I really wish I could share a recipe from this cookbook. After all, Mr. Weman claims to produce "noteworthy features entirely distinct from any heretofore published." Tantalizing!

Unfortunately, what I have in my hands here is not a cookbook. Rather, it's a crumbling ad scanned from the back of a decaying book of Irish song lyrics found in my grandmother's estate (seems as though they weren't big on acid-free pages back in the day...). A Google search turns up nothing on the book or on Mr. Weman himself.

I find I'm fascinated by antique advertisements (and recipes) because they hold so much information about the psychology of the era to which they belonged. I feel as though I'm able to capture through them some inkling of the desires and values of certain groups... in this case, early American homemakers.

I love the way the woman in the image hangs in the background, watching the man. Meanwhile, he seems to have a confident mastery of his tasks. Though she was probably trained through a lifetime of household toil, she's merely an apprentice to the genius of this clever gentleman (whom my mind imagines as the talented Mr. Weman).
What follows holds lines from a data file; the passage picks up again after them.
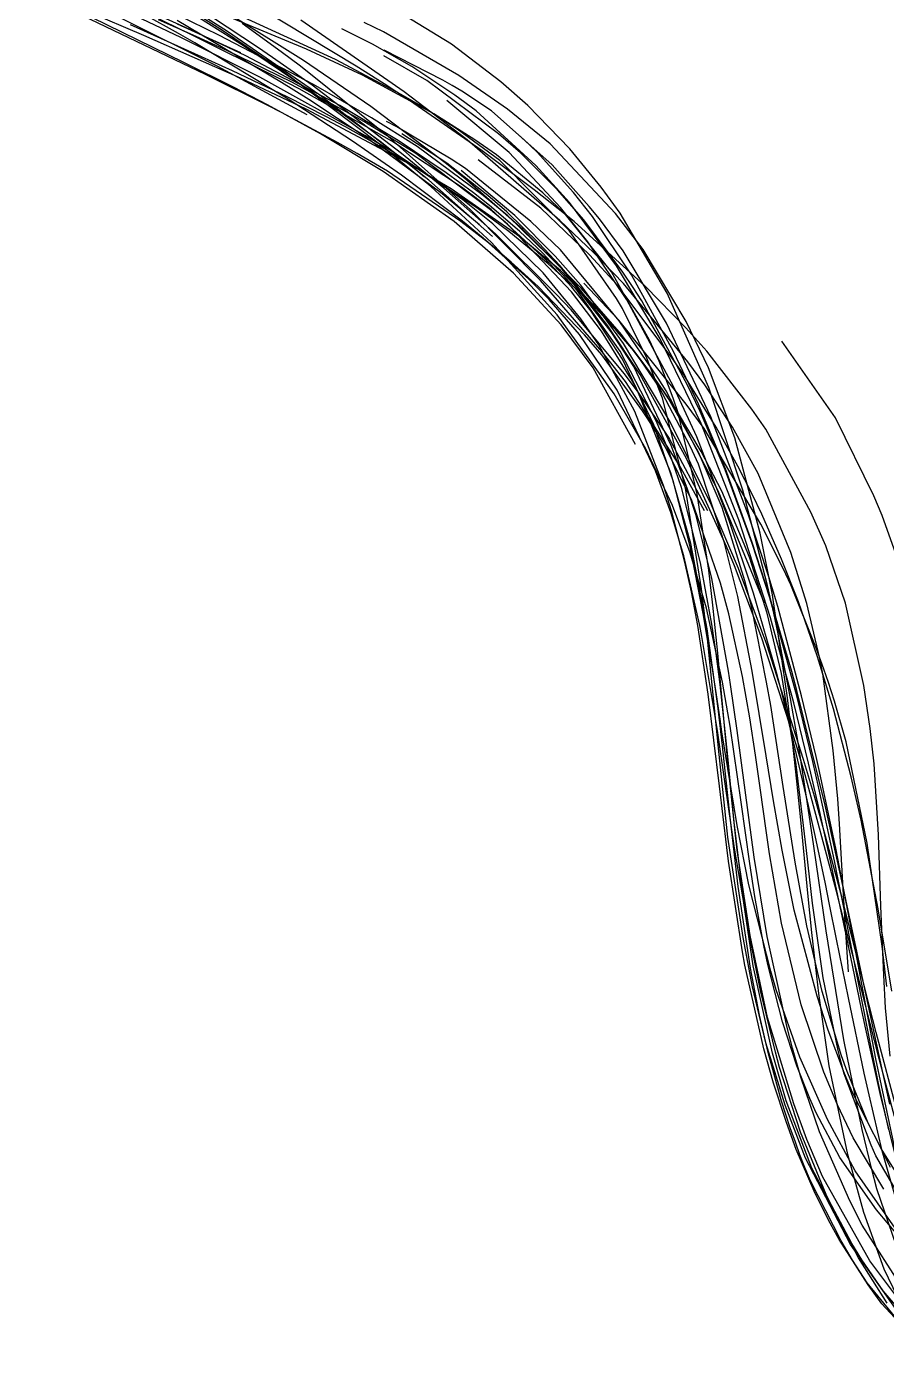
# Model space of a CAD drawing. Header units: metres. Extents: x -663 to 215, y -40 to 703.
# Drawn here: x -476.4 to -326.6, y 346.8 to 580.4 of the extents above; entities that cross this region are included whole.
import ezdxf

# ---------------------------------------------------------------- set-up
doc = ezdxf.new("R2010")
doc.units = ezdxf.units.M

msp = doc.modelspace()

# ---------------------------------------------------------------- linework, layer by layer
for p, q in [((-459.95, 579.12, -1993.92), (-476.38, 587, -1979.76)), ((-449.54, 578.54, -1981.88), (-467.11, 586.89, -1966.88)), ((-442.27, 579.73, -1990.2), (-454.32, 587.33, -1978.58)), ((-436.15, 576.84, -1989.22), (-451.59, 587.02, -1974.9)), ((-447.54, 578.93, -1983.2), (-459.93, 584.94, -1971.64)), ((-438.59, 577.05, -1992.98), (-450.79, 584.73, -1981.2)), ((-441.42, 579.59, -1990.37), (-449.19, 584.5, -1982.86)), ((-402.35, 577.33, -2019.92), (-415.01, 585.11, -2005.52)), ((-455.98, 578.89, -1973.29), (-465.81, 583.05, -1965.69)), ((-449, 574.17, -2001.24), (-465.04, 582, -1987.73)), ((-443.1, 573.45, -2000.26), (-459.98, 581.87, -1985.68)), ((-449.95, 579.21, -1978.77), (-455.8, 582.46, -1973.49)), ((-447.43, 579.66, -1992.25), (-453.24, 582.28, -1987.34)), ((-442.89, 578.94, -2001.41), (-450.07, 582.4, -1995.32)), ((-428.18, 574.51, -1990.99), (-441.44, 582.79, -1978.23)), ((-427.61, 576.47, -2008.39), (-441.37, 582.2, -1996.08)), ((-422.57, 574.7, -2018.11), (-439.94, 582.63, -2001.3)), ((-418.97, 573.51, -1984.82), (-435.64, 583.59, -1972.11)), ((-445.91, 575.18, -1997.39), (-458.31, 580.73, -1986.39)), ((-446.89, 578.69, -1992.97), (-453.41, 581.57, -1987.5)), ((-431.98, 570.69, -1994.84), (-450.2, 581.48, -1976.76)), ((-439.08, 575.87, -2000.11), (-450.13, 580.85, -1990.67)), ((-438.23, 575.34, -2000.2), (-447.43, 579.66, -1992.25)), ((-431.88, 572.72, -2000.77), (-442.27, 579.73, -1990.2)), ((-425.32, 568.5, -2007.15), (-441.42, 579.59, -1990.37)), ((-432.07, 576.04, -1990.94), (-438.82, 580.95, -1984.19)), ((-410.6, 569.03, -1993.09), (-428.64, 581.55, -1977.03)), ((-416.16, 577.34, -2012.97), (-421.5, 580.03, -2006.7)), ((-414.24, 579.52, -2008.4), (-417.6, 581.16, -2005.34)), ((-401.1, 571.91, -2021.58), (-414.24, 579.52, -2008.4)), ((-445.25, 572.06, -2006.48), (-459.95, 579.12, -1993.92)), ((-439.11, 571.41, -1987.61), (-455.98, 578.89, -1973.29)), ((-447.07, 577.59, -1981.41), (-449.95, 579.21, -1978.77)), ((-435.77, 571.62, -1994.59), (-449.54, 578.54, -1981.88)), ((-432.65, 571.49, -1998.21), (-447.54, 578.93, -1983.2)), ((-430.81, 567.78, -1997.34), (-447.07, 577.59, -1981.41)), ((-441.38, 576.18, -1997.66), (-446.89, 578.69, -1992.97)), ((-426.39, 570.32, -2015.73), (-442.89, 578.94, -2001.41)), ((-427.7, 569.72, -2004.13), (-438.59, 577.05, -1992.98)), ((-409.28, 573.44, -2021.46), (-416.16, 577.34, -2012.97)), ((-393.79, 570.81, -2030.72), (-402.35, 577.33, -2019.92)), ((-440.53, 572.73, -2002.21), (-445.91, 575.18, -1997.39)), ((-432.56, 571.93, -2005.31), (-441.38, 576.18, -1997.66)), ((-421.84, 566.67, -2015.16), (-438.23, 575.34, -2000.2)), ((-433.54, 575.06, -1991.72), (-436.15, 576.84, -1989.22)), ((-426.63, 570.2, -1998.52), (-433.54, 575.06, -1991.72)), ((-428.7, 573.53, -1994.38), (-432.07, 576.04, -1990.94)), ((-417.9, 571.97, -2017.59), (-427.61, 576.47, -2008.39)), ((-411.14, 568.58, -2030.07), (-422.57, 574.7, -2018.11)), ((-406.66, 571.03, -2023.31), (-414.17, 575.35, -2014.4)), ((-403.87, 571.1, -2026.82), (-414.11, 576.29, -2014.05)), ((-440.36, 569.85, -2008.63), (-449, 574.17, -2001.24)), ((-427.54, 565.07, -2014.38), (-443.1, 573.45, -2000.26)), ((-431.01, 568.18, -2010.87), (-440.53, 572.73, -2002.21)), ((-414.89, 559.94, -2019.9), (-431.88, 572.72, -2000.77)), ((-413.38, 561.25, -2011.23), (-428.7, 573.53, -1994.38)), ((-416.4, 566.49, -2003.26), (-428.18, 574.51, -1990.99)), ((-414.09, 570.43, -1988.76), (-418.97, 573.51, -1984.82)), ((-401.76, 568.45, -2031.36), (-409.28, 573.44, -2021.46)), ((-434.38, 566.65, -2015.83), (-445.25, 572.06, -2006.48)), ((-427.67, 566.03, -1998.21), (-439.11, 571.41, -1987.61)), ((-417.34, 561.4, -2013.58), (-435.77, 571.62, -1994.59)), ((-428.94, 569.59, -2002.11), (-432.65, 571.49, -1998.21)), ((-430.09, 570.71, -2007.47), (-432.56, 571.93, -2005.31)), ((-427.21, 567.72, -1999.81), (-431.98, 570.69, -1994.84)), ((-417.63, 563.88, -2018.94), (-430.09, 570.71, -2007.47)), ((-411.06, 558.29, -2015.24), (-426.63, 570.2, -1998.52)), ((-416.32, 564.54, -2024.82), (-426.39, 570.32, -2015.73)), ((-405.47, 565.21, -2030.53), (-417.9, 571.97, -2017.59)), ((-409.68, 567.57, -1992.46), (-414.09, 570.43, -1988.76)), ((-394.2, 561.76, -2039.65), (-406.66, 571.03, -2023.31)), ((-402.22, 570.17, -2028.94), (-403.87, 571.1, -2026.82)), ((-400.57, 569.2, -2031.08), (-402.22, 570.17, -2028.94)), ((-392.62, 566.05, -2031.02), (-401.1, 571.91, -2021.58)), ((-389.05, 566.67, -2037.09), (-393.79, 570.81, -2030.72)), ((-434.44, 566.8, -2013.77), (-440.36, 569.85, -2008.63)), ((-424.26, 564.78, -2017.13), (-431.01, 568.18, -2010.87)), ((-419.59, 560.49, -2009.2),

I've transcribed the text below. I love the random capitalization and the fact that you can purchase the book with stamps "same as cash." See if you, too, don't get a sense of the vastly different world our forefathers (or, more probably foremothers) inhabited as you read along:
This work on Cookery has several noteworthy features entirely distinct from any heretofore published. It is arranged so that the Housewife can tell at a glance the time necessary to Cook any Dish or Article of Diet. It also gives some practical hints and suggestions for selecting the various meats, vegetables, fish, etc., as well as directions for Preserving, Storing, and Keeping them. Special attention is paid to economy, and an effort is made to remove the reproach which justly clings to American Cookery, of being extravagant and wasteful without being palatable and healthful. Full instructions are given to prepare all kinds of Pies Puddings, Cakes, Jellies, etc., as well as preparing and cooking all kinds of Meats, Soups, Gravies, Fish, Vegetables, etc. in an economical and appetizing manner. It also contains considerable miscellaneous information pertaining to the household, such as Removing Kitchen Odors, Grease Spots, Iron Stains, Ink Spots in Books, Cleaning, Scouring, Receipts for Washing, etc. and a variety of others equally useful and necessary to the Housekeeper or Cook. These features make this work the best, most practical and Popular Cook Book ever issued. This book will be sent to any address, postpaid, on receipt of 25 cents. Special.—Five Books for One Dollar. U.S. Postage Stamps taken in payment same as cash.
More cookbook oddities found here in the archives...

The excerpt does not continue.